What makes Australia’s predicament so wicked is the reality that whatever we do as a nation and however we do it, the consequences for us and ours depend on forces well beyond our control or, apparently, even influence. The new American government has a huge task in healing a country torn apart by a predecessor whose avowed aim was to put America first, regardless of the consequences for relations with other countries, including America’s traditional allies. American protection was always tendentious, based more on hope than firm commitment. As long as Australia offers up security assets to the alliance in the form of the Pine Gap base and an unhesitating willingness to follow America to war, the diplomatic fiction of the ANZUS Treaty can be politely genuflected to.

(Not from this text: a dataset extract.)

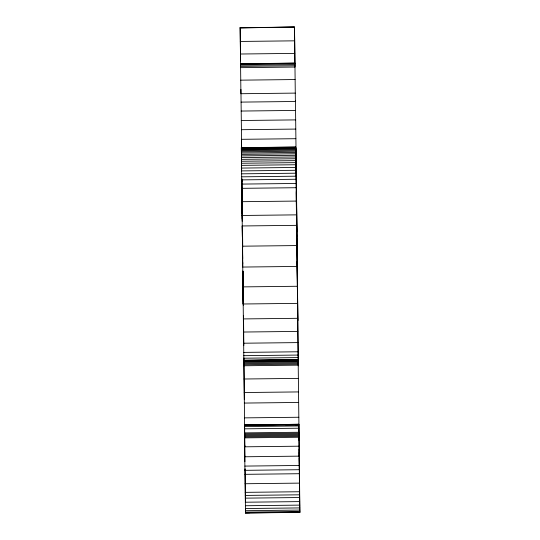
<?xml version="1.0" encoding="UTF-8"?>
<svg xmlns="http://www.w3.org/2000/svg" width="540" height="540" viewBox="0 0 540 540"><rect width="100%" height="100%" fill="white"/><g stroke="black" fill="none" stroke-linecap="round" stroke-linejoin="round"><path stroke-width="0.81" d="M244.863 446.162L241.34 147.629L295.704 147.062L295.859 156.897M244.411 428.834L244.418 424.886L298.782 424.292L298.877 437.245L244.512 437.866L244.411 428.834L298.769 428.213M299.086 433.134L299.862 512.379L245.498 513L245.491 509.207M242.426 246.186L296.784 245.565L295.704 147.062M245.005 469.078L244.991 469.206M298.782 424.264L244.418 425.108L244.681 446.89M295.272 93.103L240.914 93.724L240.138 27.689L294.503 27.068L295.022 66.913M240.138 27.803L294.503 27.155L295.38 101.486L241.016 102.107M240.138 27.898L294.496 27.047M240.28 41.452L294.644 40.831M240.415 54.014L294.779 53.392M240.516 63.794L294.881 63.086M240.523 63.889L294.881 63.2M240.523 63.943L294.887 63.41M240.523 64.058L294.887 63.511M240.536 65.165L294.901 64.544M240.55 66.366L294.914 65.745M240.57 67.662L294.935 67.041M240.732 80.163L295.097 79.542M241.13 111.051L295.495 110.43M241.252 120.514L295.61 119.894M241.36 129.701L295.724 129.08M295.839 138.699L241.481 139.32L241.65 153.326M241.34 147.744L295.697 147.123M259.747 147.69L284.006 147.413M241.34 148.021L295.697 147.4M241.34 148.46L295.704 147.839M241.34 149.06L295.704 148.439M241.346 149.816L295.711 149.195M241.353 150.734L295.718 150.113M241.367 151.808L295.724 151.186M241.373 153.029L295.738 152.408M241.387 154.393L295.751 153.772M241.4 155.918L295.765 155.297M241.421 157.579L295.778 156.958M241.434 159.354L295.799 158.733M241.454 161.251L295.819 160.63M241.475 163.256L295.839 162.635M241.501 165.355L295.859 164.734M241.529 168.075L295.893 167.454M241.556 170.903L295.92 170.282M241.589 173.826L295.954 173.205M241.623 176.823L295.988 176.202M241.657 179.881L296.021 179.26M241.704 184.086L296.069 183.465M241.751 188.332L296.116 187.711M241.907 201.697L296.264 201.076M242.062 215.48L296.426 214.859M242.183 225.963L296.548 225.342M242.669 267.057L297.034 266.436M242.912 286.889L297.27 286.268M243.122 303.993L297.479 303.372L299.106 440.519M243.304 318.924L297.668 318.303M243.472 332.033L297.83 331.412M243.614 343.217L297.979 342.596M243.736 352.397L298.1 351.776M243.783 355.678L298.141 355.057M243.817 358.216L298.175 357.595M243.837 360.221L298.202 359.6M243.844 360.369L298.202 359.748M243.844 360.524L298.208 359.903M243.844 360.686L298.208 360.065M243.851 360.855L298.208 360.234M243.851 361.037L298.215 360.416M243.851 361.22L298.215 360.599M243.857 361.409L298.215 360.788M243.857 361.604L298.222 360.983M243.871 362.63L298.228 362.009M243.884 363.67L298.242 363.049M243.918 358.04L243.959 364.723L298.256 364.095M243.905 365.762L298.269 365.141M244.053 379.006L298.418 378.385M244.208 392.539L298.566 391.919M244.323 403.07L298.688 402.449M244.492 417.872L298.85 417.251M298.782 424.393L244.424 425.014M244.424 425.176L260.314 425.075M285.404 424.71L298.789 424.636L295.441 424.71M248.609 425.25L260.314 425.156M244.411 425.601L298.775 424.98M244.411 426.566L298.775 425.945M244.451 432.884L298.816 432.263M244.465 433.89L298.829 433.269M244.478 434.896L298.836 434.275M244.492 435.895L298.85 435.274M244.499 436.887L298.863 436.266M298.978 446.195L244.62 446.816L245.498 513M244.735 456.773L299.099 456.151L298.782 424.555M244.85 466.088L299.214 465.473M244.904 470.333L299.261 469.712M244.951 474.336L299.315 473.715M245.072 483.739L299.43 483.118L299.862 512.379M245.18 492.358L299.545 491.738M245.221 495.43L299.585 494.809M245.261 498.15L299.619 497.529M245.315 502.22L299.68 501.599M245.363 505.737L299.727 505.116M245.41 508.538L299.768 507.917M245.444 510.698L299.808 510.077M245.471 512.129L299.835 511.508M245.504 512.777L249.683 512.73M268.92 512.507L297.358 512.183M245.491 512.892L299.849 512.271M241.34 147.629L241.657 169.688M296.217 191.741L296.224 192.038M240.138 27.689L240.577 60.878M241.859 192.402L241.859 192.659M295.447 100.683L296.987 231.917M295.961 148.689L297.824 320.679L297.554 290.817M296.426 207.995L297.56 303.359M299.079 449.138L299.43 483.118M299.201 458.291L299.363 468.855L299.228 452.452M240.935 89.383L241.643 147.906M241.778 179.354L242.19 213.529M242.339 225.976L242.723 258.633M241.934 197.971L242.19 219.098M242.271 225.666L242.73 266.315M242.791 271.249L243.196 303.98M244.796 455.767L244.876 461.72M296.089 159.131L298.337 365.877M296.231 192.53L296.744 236.554M297.068 261.65L297.554 303.102M242.015 179.321L242.042 181.744M241.947 178.808L242.19 199.922M242.487 225.963L242.73 247.469M242.98 271.127L243.27 291.836M244.789 445.325L244.89 455.632M245.106 468.976L245.43 501.377M242.872 271.202L243.27 305.242M243.405 316.649L243.459 321.3L243.425 316.055M244.343 399.64L243.959 364.79M241.873 194.022L242.19 221.258M242.251 226.28L242.379 237.175M242.71 262.271L242.73 263.932M242.818 271.397L243.196 303.872M243.817 345.539L243.52 315.59M243.196 291.438L243.27 299.369"/></g></svg>

But Trump’s idiosyncratic approach to the world, and his penchant for transactional politics has resonated deep isolationist sentiments in an America weary with the burden of being the world’s policeman. Too many young Americans continue to return to their homeland in body bags. Throughout the 1930s, the Polish people watched the rise of Nazism shrink and eventually obliterate the space for national existence. They paid a fearful price of being in the wrong place at the wrong time.

This is why geography is again asserting its grip. The historical creation – after the defeat of Imperial Japan – of the Pacific Ocean as an American Lake is fading in memory and fact. China is moving into the emerging vacuum. The future is opaque. Only the passing of time will tell us whether the Trump withdrawal heralds a permanent restructuring of our interdependent position in the broad region: time and the actions or inactions of our governments. The great danger lies in Australia’s historically embedded complacency, the idea that ‘she’ll be right’, that a return to normal after Covid means that there is no necessity to recognise and confront the new geopolitical realities and the threats to our sovereignty and wellbeing. Brave declarations defending our national sovereignty will not cut it. Poland’s Foreign Minister in the late 1930s, Jozéf Beck, thought he could finesse relations with Nazi Germany as a way of defending his country against Stalin. He was wrong. He should have put more effort into forging links with France and Britain. When that support came, it was too late.

Alternatively, the shock of 2020 and the tragic trajectory of the world since Nine-Eleven could galvanise a collective progressive project – including Australia as a stable middle power – to realise a new normal in which governments worked domestically to right the wrongs of pervasive inequality, discrimination  and insecurity, while working collaboratively to reform or replace the international architectures guaranteeing peaceful coexistence and victory against climate change. This would require a standard of political leadership and shared national purpose sadly absent in the Canberra bubble. Where are you Joe DiMaggio?